# MLOps Zoomcamp 2024

# Homework 2

# Question 1

I used GitHub Codespaces to open the [repository](https://github.com/moosetim/mlops-zoomcamp-2024) in my local VS Code.

I used the following commands to set up a Conda virtual environment and install MLflow along with other required packages listed in the `requirements.txt` file: 
1. `conda create -n exp-tracking-env python=3.9`
2. `conda init`
3. `conda activate exp-tracking-env`
4. `pip install -r requirements.txt`

The output of `mlflow --version`: `mlflow, version 2.13.0`.


# Question 2

The Green Taxi Trip Records datasets for January, February, March 2023 (`green_tripdata_2023-*.parquet`) were saved in the folder `02-experiment-tracking/data`. The preprocessing script preprocess_data.py was saved in the `homeworks` folder.

The following command was used to execute the script: `python preprocess_data.py --raw_data_path ../02-experiment-tracking/data/ --dest_path ./output`. 

The created `output` folder has **4 files** (`dv.pkl`, `test.pkl`, `train.pkl`, `val.pkl`).

# Question 3

In [1]:
import mlflow

Run the following command in the terminal to launch the MLflow UI in the browser and specify the backend store uri: `mlflow ui --backend-store-uri sqlite:///mlflow.db`.

In [19]:
mlflow.set_tracking_uri("sqlite:///mlflow.db")
mlflow.set_experiment("hw-2-experiment") # MLflow will assign all the runs to this experiment

<Experiment: artifact_location='/workspaces/mlops-zoomcamp-2024/homeworks/mlruns/1', creation_time=1716504547872, experiment_id='1', last_update_time=1716504547872, lifecycle_stage='active', name='hw-2-experiment', tags={}>

The following lines of code were added to the `train.py` file to enable MLflow autologging:

    import mlflow

    mlflow.set_tracking_uri("sqlite:///mlflow.db")
    mlflow.set_experiment("hw-2-experiment") 

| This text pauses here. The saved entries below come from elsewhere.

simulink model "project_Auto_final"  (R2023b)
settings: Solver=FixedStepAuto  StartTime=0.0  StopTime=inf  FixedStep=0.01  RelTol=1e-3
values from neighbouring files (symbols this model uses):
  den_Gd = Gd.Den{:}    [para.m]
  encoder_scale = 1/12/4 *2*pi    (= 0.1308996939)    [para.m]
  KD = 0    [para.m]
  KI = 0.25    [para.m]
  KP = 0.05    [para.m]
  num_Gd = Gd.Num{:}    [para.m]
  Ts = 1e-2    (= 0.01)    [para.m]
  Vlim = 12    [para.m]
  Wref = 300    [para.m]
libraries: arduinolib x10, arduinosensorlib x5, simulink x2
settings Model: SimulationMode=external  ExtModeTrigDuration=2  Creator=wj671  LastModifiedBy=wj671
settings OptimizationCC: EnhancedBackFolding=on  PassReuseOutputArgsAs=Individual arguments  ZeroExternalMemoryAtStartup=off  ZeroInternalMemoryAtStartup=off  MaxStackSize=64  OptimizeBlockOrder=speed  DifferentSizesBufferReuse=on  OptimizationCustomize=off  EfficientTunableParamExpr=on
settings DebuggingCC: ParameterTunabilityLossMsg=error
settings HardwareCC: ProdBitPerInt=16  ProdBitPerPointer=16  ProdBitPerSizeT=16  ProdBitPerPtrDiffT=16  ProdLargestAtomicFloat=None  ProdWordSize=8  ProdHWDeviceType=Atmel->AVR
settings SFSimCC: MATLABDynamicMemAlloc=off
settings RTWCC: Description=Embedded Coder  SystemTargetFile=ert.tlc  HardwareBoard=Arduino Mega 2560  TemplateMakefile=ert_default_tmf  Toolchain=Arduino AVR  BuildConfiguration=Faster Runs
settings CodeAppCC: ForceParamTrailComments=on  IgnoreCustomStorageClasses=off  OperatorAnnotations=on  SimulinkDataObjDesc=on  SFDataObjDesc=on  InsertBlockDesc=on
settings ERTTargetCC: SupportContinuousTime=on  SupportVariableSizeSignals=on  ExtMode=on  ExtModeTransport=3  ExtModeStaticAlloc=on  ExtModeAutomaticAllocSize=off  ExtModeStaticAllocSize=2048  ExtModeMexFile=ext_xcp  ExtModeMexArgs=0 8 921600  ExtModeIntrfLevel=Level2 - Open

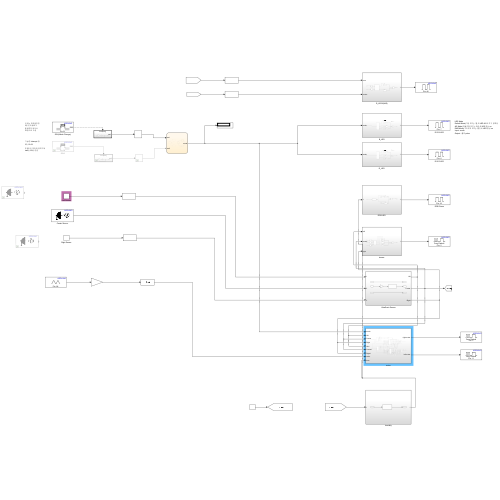
[thumbnail: Simulink's stored preview of the top-level diagram]
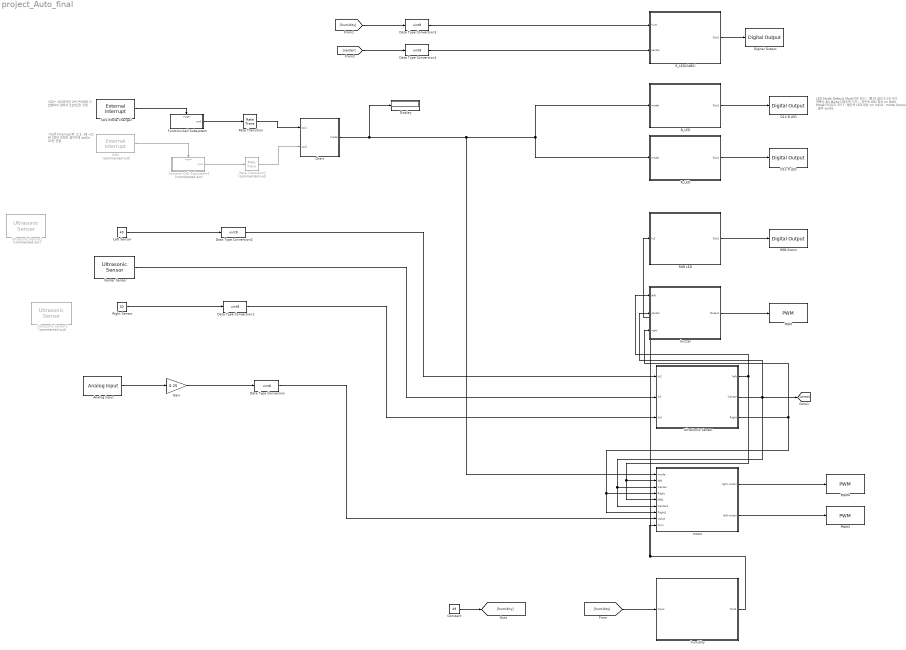
== system project_Auto_final ==
  note: 이유는 모르겠지만 2번 인터럽트가
      | 발생하지 않아서
      | 21번으로 수정
  note: 가능한 Interrupt 핀:
      | 2,3, 18~21
      |
      | 핀 3번이 모터와 겹치기에
      | sw2는 20번 연결
  note: LED Mode
      | Default Mode(기본 모드) : 빨,파 LED 0.2초 주기 깜빡임
      | AD Mode(자율주행 모드) : 파란색 LED 항상 on
      | DMS Mode(거리유지 모드) : 빨간색 LED 항상 on
      | Input : mode
      | Output : 출력 pulse
  Analog Input : arduinolib/Analog Input  pinNumber=2  ReadResultsOnly=off  ConversionTriggerSource=Software  ExternalTriggerType=uint32( 0 )  OutputDataType=uint16  EnableConversionCompleteNotify=off  EnableOuputStatus=off  SampleTime=-1  blockPlatform=arduino
  B_LED : Subsystem
  Center Sensor : arduinosensorlib/Ultrasonic Sensor  NumSignalPins=2  TrigPin=32  EchoPin=33  SignalPin=3  SampleTime_=0.1  blockPlatform=ARDUINO
  Chart : Stateflow chart  TreatAsAtomicUnit=on
  Constant : Constant  Value=49
  D12 R LED : arduinolib/Digital Output  pinNumber=6  Direction=output  blockPlatform=arduino
  D13 B LED : arduinolib/Digital Output  pinNumber=7  Direction=output  blockPlatform=arduino
  Data Type Conversion{,1..4} (5 alike) : DataTypeConversion  OutDataTypeStr=uint8  SaturateOnIntegerOverflow=off  RndMeth=Floor
  Digital Output : arduinolib/Digital Output  pinNumber=46  Direction=output  blockPlatform=arduino
  Display : Display
  Function-Call Subsystem : Subsystem  TreatAsAtomicUnit=on
  Function-Call Subsystem1 : Subsystem  Commented=on  TreatAsAtomicUnit=on
  Gain : Gain  Gain=0.25
  Left Sensor : Constant  Value=40
  PWM : arduinolib/PWM  pinNumber=5  frequencyType=Default  desiredFrequency=490.2  achievableFrequency=490.2
  PWM3 : arduinolib/PWM  pinNumber=11  frequencyType=Default  desiredFrequency=490.2  achievableFrequency=490.2
  PWM4 : arduinolib/PWM  pinNumber=3  frequencyType=Default  desiredFrequency=490.2  achievableFrequency=490.2
  RGB Grenn : arduinolib/Digital Output  pinNumber=10  Direction=output  blockPlatform=arduino
  RGB LED : Subsystem
  R_LED : Subsystem
  R_LED2(ABS) : Subsystem
  Rate Transition : RateTransition  Integrity=off  OutPortSampleTime=0.05
  Rate Transition1 : RateTransition  Commented=on  Integrity=off  OutPortSampleTime=0.05
  Right Sensor : Constant  Value=40
  SW1(Mode Change) : arduinolib/External Interrupt  Pin=21  PullUp=off  Mode=FALLING  InterruptSimulationInput=off
  SW2 : arduinolib/External Interrupt  Commented=on  Pin=20  PullUp=off  Mode=FALLING  InterruptSimulationInput=off
  UltraSonic Sensor : Subsystem
  Ultrasonic Sensor1 : arduinosensorlib/Ultrasonic Sensor  Commented=on  NumSignalPins=2  TrigPin=42  EchoPin=43  SignalPin=3  SampleTime_=0.1  blockPlatform=ARDUINO
  Ultrasonic Sensor2 : arduinosensorlib/Ultrasonic Sensor  Commented=on  NumSignalPins=2  TrigPin=50  EchoPin=51  SignalPin=3  SampleTime_=0.1  blockPlatform=ARDUINO
  buzzer : Subsystem
  humidity : Subsystem
  motor : Subsystem
  wires:
  R_LED/1(Out1) -> D12 R LED/1
  Rate Transition/1 -> Chart/1(sw1)
  B_LED/1(Out1) -> D13 B LED/1
  SW1(Mode Change)/1 -> Function-Call Subsystem/Trigger
  Function-Call Subsystem/1(sw1) -> Rate Transition/1
  Chart/1(mode) -> Display/1, motor/1(mode), B_LED/1(mode), R_LED/1(mode)
  Center Sensor/1 -> UltraSonic Sensor/2(In1)
  Left Sensor/1 -> Data Type Conversion2/1
  Right Sensor/1 -> Data Type Conversion1/1
  UltraSonic Sensor/3(Right) -> buzzer/3(right), motor/7(Right1), motor/4(Right)
  UltraSonic Sensor/1(left) -> buzzer/1(left), motor/5(left1), motor/2(left)
  UltraSonic Sensor/2(Center) -> [center], buzzer/2(center), motor/6(Center1), motor/3(Center)
  motor/1(right motor) -> PWM4/1
  motor/2(left motor) -> PWM3/1
  Data Type Conversion1/1 -> UltraSonic Sensor/3(In3)
  Data Type Conversion2/1 -> UltraSonic Sensor/1(In2)
  Function-Call Subsystem1/1(sw2) -> Rate Transition1/1
  Rate Transition1/1 -> Chart/2(sw2)
  SW2/1 -> Function-Call Subsystem1/Trigger
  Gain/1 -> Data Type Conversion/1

    with mlflow.start_run():
        # Enable auto-logging
        mlflow.autolog()

        # Run the training script
        run_train()

Checking the model runs in the MLflow UI, **the value of the min_samples_split parameter is 2**.


# Question 4

Use the following command to launch the MLflow server: `mlflow server --backend-store-uri sqlite:///mlflow.db --default-artifact-root ./artifacts`.

# Question 5

The script `hpo.py` has been updated and can be found in the `homeworks` folder. The main changes were made to the `objectiv()` function:

        def objective(params):
            with mlflow.start_run(nested=True):

                # Log the parameters to MLflow
                mlflow.log_params(params)
                
                rf = RandomForestRegressor(**params)
                rf.fit(X_train, y_train)
                y_pred = rf.predict(X_val)
                
                rmse = root_mean_squared_error(y_val, y_pred)
                # Log RMSE to MLflow
                mlflow.log_metric("rmse", rmse)

            return {'loss': rmse, 'status': STATUS_OK}


To check the best RMSE, launch the mlflow UI with and rank the runs in order of the increasing RMSE. The lowest RMSE equals to `5.335419588556921`.

# Question 6

The following changes were made in the `register_model.py` file which is located in the `homeworks` folder:
1. Additional `print()` statements were added to faciliate debugging
2. For the model from the best run, the lowest test RMSE from the best model was printed out and further confirmed in the MLflow UI.

The lowest test RMSE was `5.567408012462019`.